Katharine House Hospice worked with us to implement SystmOne as its single Electronic Patient Record (EPR), replacing fragmented systems and paper processes with one integrated platform. The new system delivers greater efficiency, stronger data security, and better reporting, while connecting seamlessly with wider healthcare partners. With high staff engagement from start to finish, the shared record is already improving patient safety and supporting truly person-centred care.
Aims/Objectives
The project set out to:
Implement SystmOne as a modern, compliant single patient record across the hospice.
Strengthen reporting for both internal teams and external partners.
Ensure full compliance with GDPR, the DSP Toolkit, and Cyber Essentials.
Enable integration with Graphnet and digital ReSPECT forms.
Improve efficiency by reducing duplication and paperwork.
Provide real-time access to patient information for all relevant staff.
Establish a scalable platform to support future growth and development.
What did we do?
Key actions included:
Established clear project governance with defined roles (Executive Lead, Clinical Lead, Project Team, and vendor support).
Delivered IT configuration, smart card access, and asset management.
Carried out service journey mapping and shadowing to align clinical and administrative processes.
Built and tested SystmOne using our Next Gen Resources, with iterative amendments based on staff feedback.
Create a new suite of Hospice at Home and Lymphodema resources.
Migrated legacy data on schedule. Delivered staff training sessions, with role-specific tailoring planned for future phases.
Achieved an earlier than planned Go Live date (a month early).
Post-deployment, progressed discussions on Brigid App, EPMA and digital ReSPECT integration.
What was the context/background?
Prior to implementation, teams faced limitations with paper records and existing digital solutions, including Crosscare system crashes and inefficiencies in community service access. Staff required a modern, cloud-based EPR with reliable remote access, improved reporting capability, and alignment with wider NHS systems.

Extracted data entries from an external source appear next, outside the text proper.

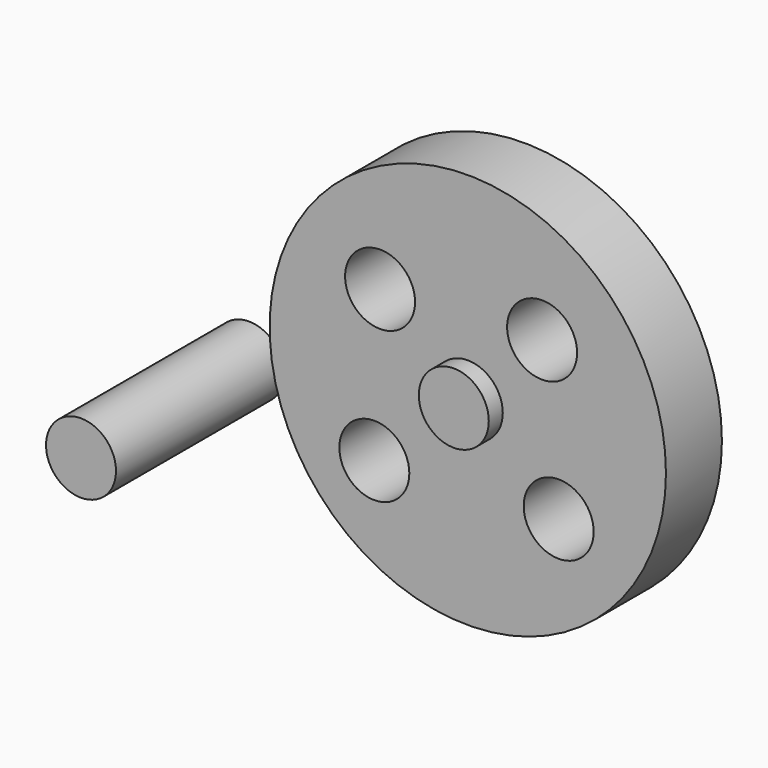
from build123d import *

# Parameters (mm, degrees)
F0_R     = 71.9356029279
F0_R_2   = 12.7
F1_DEPTH = 25.4
F3_DEPTH = 31.75
F4_DEPTH = 76.2


# Not quite as in the source:
# - the program builds the solid bodies; features that only make, move or delete a surface that nothing else refers to are left out


with BuildPart() as f1:
    # F0 (on Front) → F1 (new body)
    with BuildSketch(Plane.XZ):
        Circle(F0_R)
        with Locations((-33.9307952672, -30.3383674473)):
            Circle(F0_R_2, mode=Mode.SUBTRACT)
        with Locations((-31.8473428488, 25.0476300716)):
            Circle(F0_R_2, mode=Mode.SUBTRACT)
        Circle(F0_R_2, mode=Mode.SUBTRACT)
        with Locations((33.0006089061, -27.3112040013)):
            Circle(F0_R_2, mode=Mode.SUBTRACT)
        with Locations((26.9748345017, 27.9723200947)):
            Circle(F0_R_2, mode=Mode.SUBTRACT)
        Circle(F0_R_2)
    extrude(amount=F1_DEPTH)


with BuildPart() as f3:
    # F0 (on Front) → F3 (new body)
    with BuildSketch(Plane.XZ):
        Circle(F0_R_2)
    extrude(amount=F3_DEPTH)


with BuildPart() as f4:
    # F0 (on Front) → F4 (new body)
    with BuildSketch(Plane.XZ):
        with Locations((-99.7780840844, -30.3383674473)):
            Circle(F0_R_2)
    extrude(amount=F4_DEPTH)


solid = Compound([f1.part, f3.part, f4.part])

How was it organised and who was involved?
Project Team with a project manager from the hospice, Exec Lead and Clinical Lead, OPSO provided the project documentation, plan and delivery, co-ordination and data migration were completed by KHH.Clinical and admin teams engaged throughout shadowing, workshops, and testing.Service leads input to design changes and some new service specific templates and led on adoption.Opso were the implementation partner from initial discovery through to Go Live and post project support.IT supported compliance, security, and integration.
What resources did you need?
To deliver the project, the hospice drew on a combination of technical tools, clinical expertise, and specialist support. SystmOne provided the core EPR platform, backed by project management systems to track governance, planning, and risk. Community teams were equipped with smart cards, asset management, and VPN access, while clinical leads helped shape processes and review resources. Staff received tailored training and materials, supported by ongoing technical input for change control, reporting, and future developments. Crucially, the implementation was underpinned by Optimised Solution’s Next Gen SystmOne resources and expertise, ensuring a smooth transition and a scalable foundation for the future.
Lessons Learned & Recommendations
Strong leadership within services was a key success factor.
IPU and Hospice at Home leads gave timely feedback, provided in-house training, and prepared teams well, reducing post-Go Live issues. PCNS leads embraced new ways of working and supported the introduction of new suite of nursing resources. The PPT team worked collaboratively and enthusiastically, highlighting improvements during design.
Data migration was lighter but effective.
No clinical minimum datasets were migrated, which shortened the transition. Some teams worked their way through their caseloads after go live to enter comprehensive updates. This caused no noticeable issues in IPU or with medics and avoided complexity.
Champions evolved naturally.
Formal champion roles were mixed in effectiveness due to availability. In practice, peer-to-peer support during Go Live created natural champions, which boosted confidence and skills in teams.
Training design could be changed where budget allows
Sessions were team-focused but not always role-specific. Additional Role-tailored training would improve efficiency and relevance.
Positive culture of responsiveness.
Clinical teams adapted quickly and supported one another, while the OPSO team responded flexibly to feedback, delivering improvements such as the smart Emergency Care Plan.
Testimonial
“The introduction of priority information and holistic noting within SystmOne has transformed how we deliver care at Katharine House Hospice. Our teams can now access and record patient information in a clear, consistent way, which not only enhances safety but also ensures we capture the full picture of each person’s needs and preferences. This has made a tangible difference in enabling us to provide truly person-centred care.
I’ve been through several system implementations during my career, and this was by far the smoothest. The support and clarity provided throughout the process meant our staff felt confident from day one, which has translated into improved quality of care and efficiency for our patients and their families.”